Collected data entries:
........

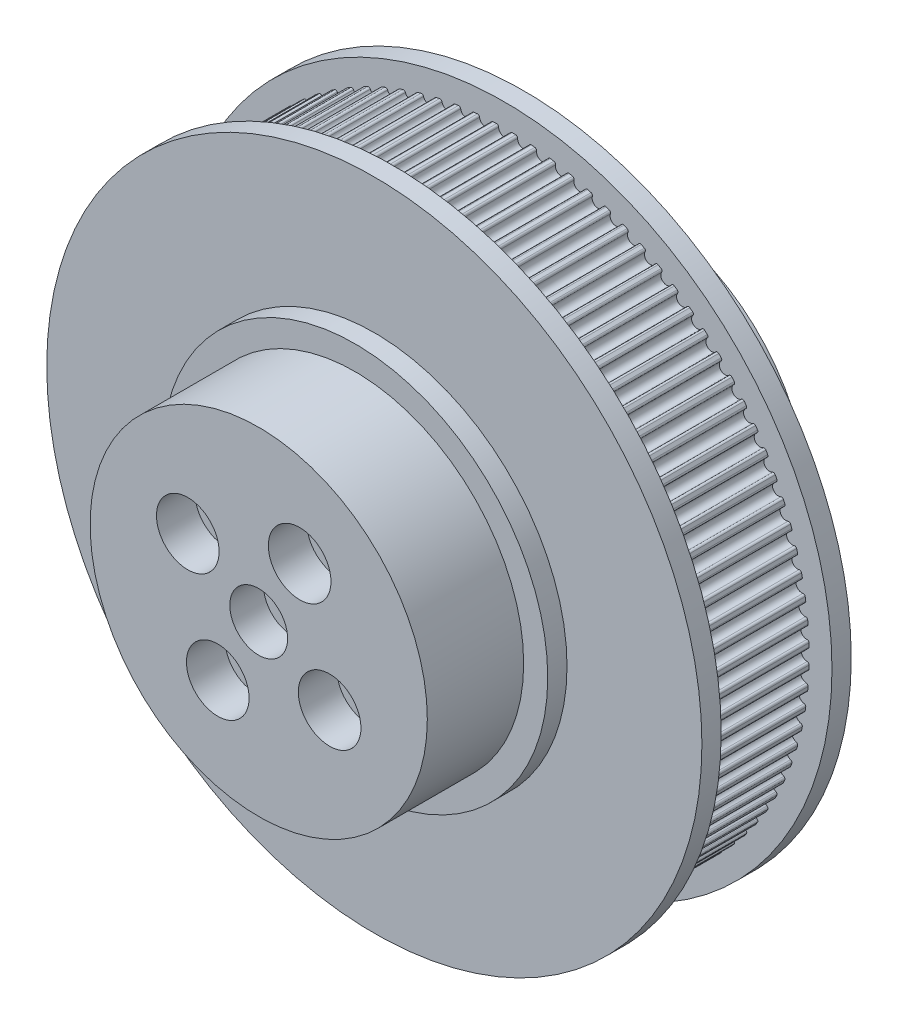
SolidWorks part; units mm, degrees
ref_plane "Спереди" through (0, 0, 0) normal (0, 0, 1) x (1, 0, 0)
ref_plane "Сверху" through (0, 0, 0) normal (0, 1, 0) x (1, 0, 0)
ref_plane "Справа" through (0, 0, 0) normal (1, 0, 0) x (0, 0, -1)
ref_axis "Ось1" through (0, 0, 55) along (0, 0, -1)
sketch "SketchRevolveGearBelt01" plane through (0, 0, 0) normal (1, 0, 0) x (0, 0, -1)
  line L0 (0, 0) -> (11.5, 0)
  line L1 (11.5, 0) -> (11.5, 31.6405)
  line L2 (11.5, 31.6405) -> (0, 31.6405)
  line L3 (0, 31.6405) -> (0, 0)
  dimension "GearBeltOutsideDiameter" = 31.6405
  dimension "D1" = 11.5
revolve "GearBelt01" add sketch "SketchRevolveGearBelt01" angle 360 about L0
sketch "SketchToothGearBelt01" plane through (0, 0, 0) normal (0, 0, 1) x (1, 0, 0)
  line L0 (-0.814, 31.63) -> (0, 34.1805)
  line L1 (0, 34.1805) -> (0.814, 31.63)
  arc A0 (0.814, 31.63) -> (0.6, 31.4215) centre (0.8086, 31.4215) ccw
  arc A1 (0.6, 31.4215) -> (-0.6, 31.4215) centre (0, 31.4215) cw
  arc A2 (-0.6, 31.4215) -> (-0.814, 31.63) centre (-0.8086, 31.4215) ccw
  dimension "GearBeltToothR1" = 0.4172
  dimension "GearBeltToothR2" = 1.2
  dimension "GearBeltToothCapX1" = 0.814
  dimension "GearBeltToothCapY1" = 2.5505
  dimension "GearBeltToothCapX2" = 0.814
  dimension "GearBeltToothCapY2" = 2.5505
extrude "ToothExtrudeCutGearBelt01" cut sketch "SketchToothGearBelt01" against normal blind 11.5
ref_axis "Ось2" through (34.8045, 0, 0) along (-1, 0, 0)
ref_plane "Плоскость1" through (0, 0, 0) normal (0, 0, -1) x (1, 0, 0)
pattern_circular "PatternGearBelt01" count 100 every 3.6 about axis through (0, 0, 55) along (0, 0, -1) of "ToothExtrudeCutGearBelt01"
sketch "Эскиз5" plane through (0, 0, 0) normal (0, 0, -1) x (-1, 0, 0)
  circle A0 centre (0, 0) radius 34
  dimension "D1" = 68
extrude "Бобышка-Вытянуть1" add sketch "Эскиз5" against normal blind 2
sketch "Эскиз20" plane through (0, 0, -11.5) normal (0, 0, -1) x (-1, 0, 0)
  circle A0 centre (0, 0) radius 34
extrude "Бобышка-Вытянуть10" add sketch "Эскиз20" along normal blind 2
sketch "Эскиз12" plane through (0, 0, -13.5) normal (0, 0, -1) x (-1, 0, 0)
  circle A0 centre (0, 0) radius 20
extrude "Бобышка-Вытянуть5" add sketch "Эскиз12" along normal blind 2
sketch "Эскиз6" plane through (0, 0, 2) normal (0, 0, 1) x (1, 0, 0)
  circle A0 centre (0, 0) radius 20
  dimension "D1" = 40
extrude "Бобышка-Вытянуть6" add sketch "Эскиз6" along normal blind 2
sketch "Эскиз13" plane through (0, 0, 4) normal (0, 0, 1) x (1, 0, 0)
  circle A0 centre (0, 0) radius 17.5
  dimension "D1" = 35
extrude "Бобышка-Вытянуть7" add sketch "Эскиз13" along normal blind 10
sketch "Эскиз14" plane through (0, 0, -15.5) normal (0, 0, -1) x (-1, 0, 0)
  circle A0 centre (0, 0) radius 17.5
  dimension "D1" = 35
extrude "Бобышка-Вытянуть8" add sketch "Эскиз14" along normal blind 10
sketch "Эскиз15" plane through (0, 0, -25.5) normal (0, 0, -1) x (-1, 0, 0)
  circle A0 centre (0, 0) radius 12
  dimension "D1" = 24
extrude "Вырез-Вытянуть1" cut sketch "Эскиз15" against normal blind 7
sketch "Эскиз16" plane through (0, 0, 0) normal (0, 0, 1) x (1, 0, 0)
  line L0 (0, 0) -> (4.25, 7.3612) construction
  line L1 (0, 0) -> (-46.2056, 0) construction
  line L2 (0, 0) -> (7.3612, -4.25) construction
  line L3 (0, 0) -> (-4.25, -7.3612) construction
  line L4 (0, 0) -> (-7.3612, 4.25) construction
  circle A0 centre (0, 0) radius 8.5 construction
  circle A1 centre (4.25, 7.3612) radius 1.75
  circle A2 centre (7.3612, -4.25) radius 1.75
  circle A3 centre (-4.25, -7.3612) radius 1.75
  circle A4 centre (-7.3612, 4.25) radius 1.75
  point P16 (0, 0)
  dimension "D1" = 17
  dimension "D3" = 3.5
  dimension "D2" = 60
  dimension "D4" = 4
extrude "Вырез-Вытянуть2" cut sketch "Эскиз16" against normal through all both and the other way through all
sketch "Эскиз17" plane through (0, 0, 14) normal (0, 0, 1) x (1, 0, 0)
  circle A0 centre (4.25, 7.3612) radius 3.25
  circle A1 centre (7.3612, -4.25) radius 3.25
  circle A2 centre (-4.25, -7.3612) radius 3.25
  circle A3 centre (-7.3612, 4.25) radius 3.25
  point P12 (0, 0)
  dimension "D1" = 4
extrude "Вырез-Вытянуть3" cut sketch "Эскиз17" against normal blind 4
sketch "Эскиз18" plane through (0, 0, 14) normal (0, 0, 1) x (1, 0, 0)
  circle A0 centre (0, 0) radius 3
extrude "Вырез-Вытянуть4" cut sketch "Эскиз18" against normal blind 3.5
sketch "Эскиз19" plane through (0, 0, 0) normal (0, 0, 1) x (1, 0, 0)
  circle A0 centre (0, 0) radius 1
extrude "Вырез-Вытянуть5" cut sketch "Эскиз19" against normal through all both and the other way through all

........

Among the entries above, the line containing "line L0 (-0.814, 31.63) -> (0, 34.1805)", the line containing "along (-1, 0, 0)", and all lines between them are to be restated word for word; nothing else belongs in the reply.

Exercise solution:
  line L0 (-0.814, 31.63) -> (0, 34.1805)
  line L1 (0, 34.1805) -> (0.814, 31.63)
  arc A0 (0.814, 31.63) -> (0.6, 31.4215) centre (0.8086, 31.4215) ccw
  arc A1 (0.6, 31.4215) -> (-0.6, 31.4215) centre (0, 31.4215) cw
  arc A2 (-0.6, 31.4215) -> (-0.814, 31.63) centre (-0.8086, 31.4215) ccw
  dimension "GearBeltToothR1" = 0.4172
  dimension "GearBeltToothR2" = 1.2
  dimension "GearBeltToothCapX1" = 0.814
  dimension "GearBeltToothCapY1" = 2.5505
  dimension "GearBeltToothCapX2" = 0.814
  dimension "GearBeltToothCapY2" = 2.5505
extrude "ToothExtrudeCutGearBelt01" cut sketch "SketchToothGearBelt01" against normal blind 11.5
ref_axis "Ось2" through (34.8045, 0, 0) along (-1, 0, 0)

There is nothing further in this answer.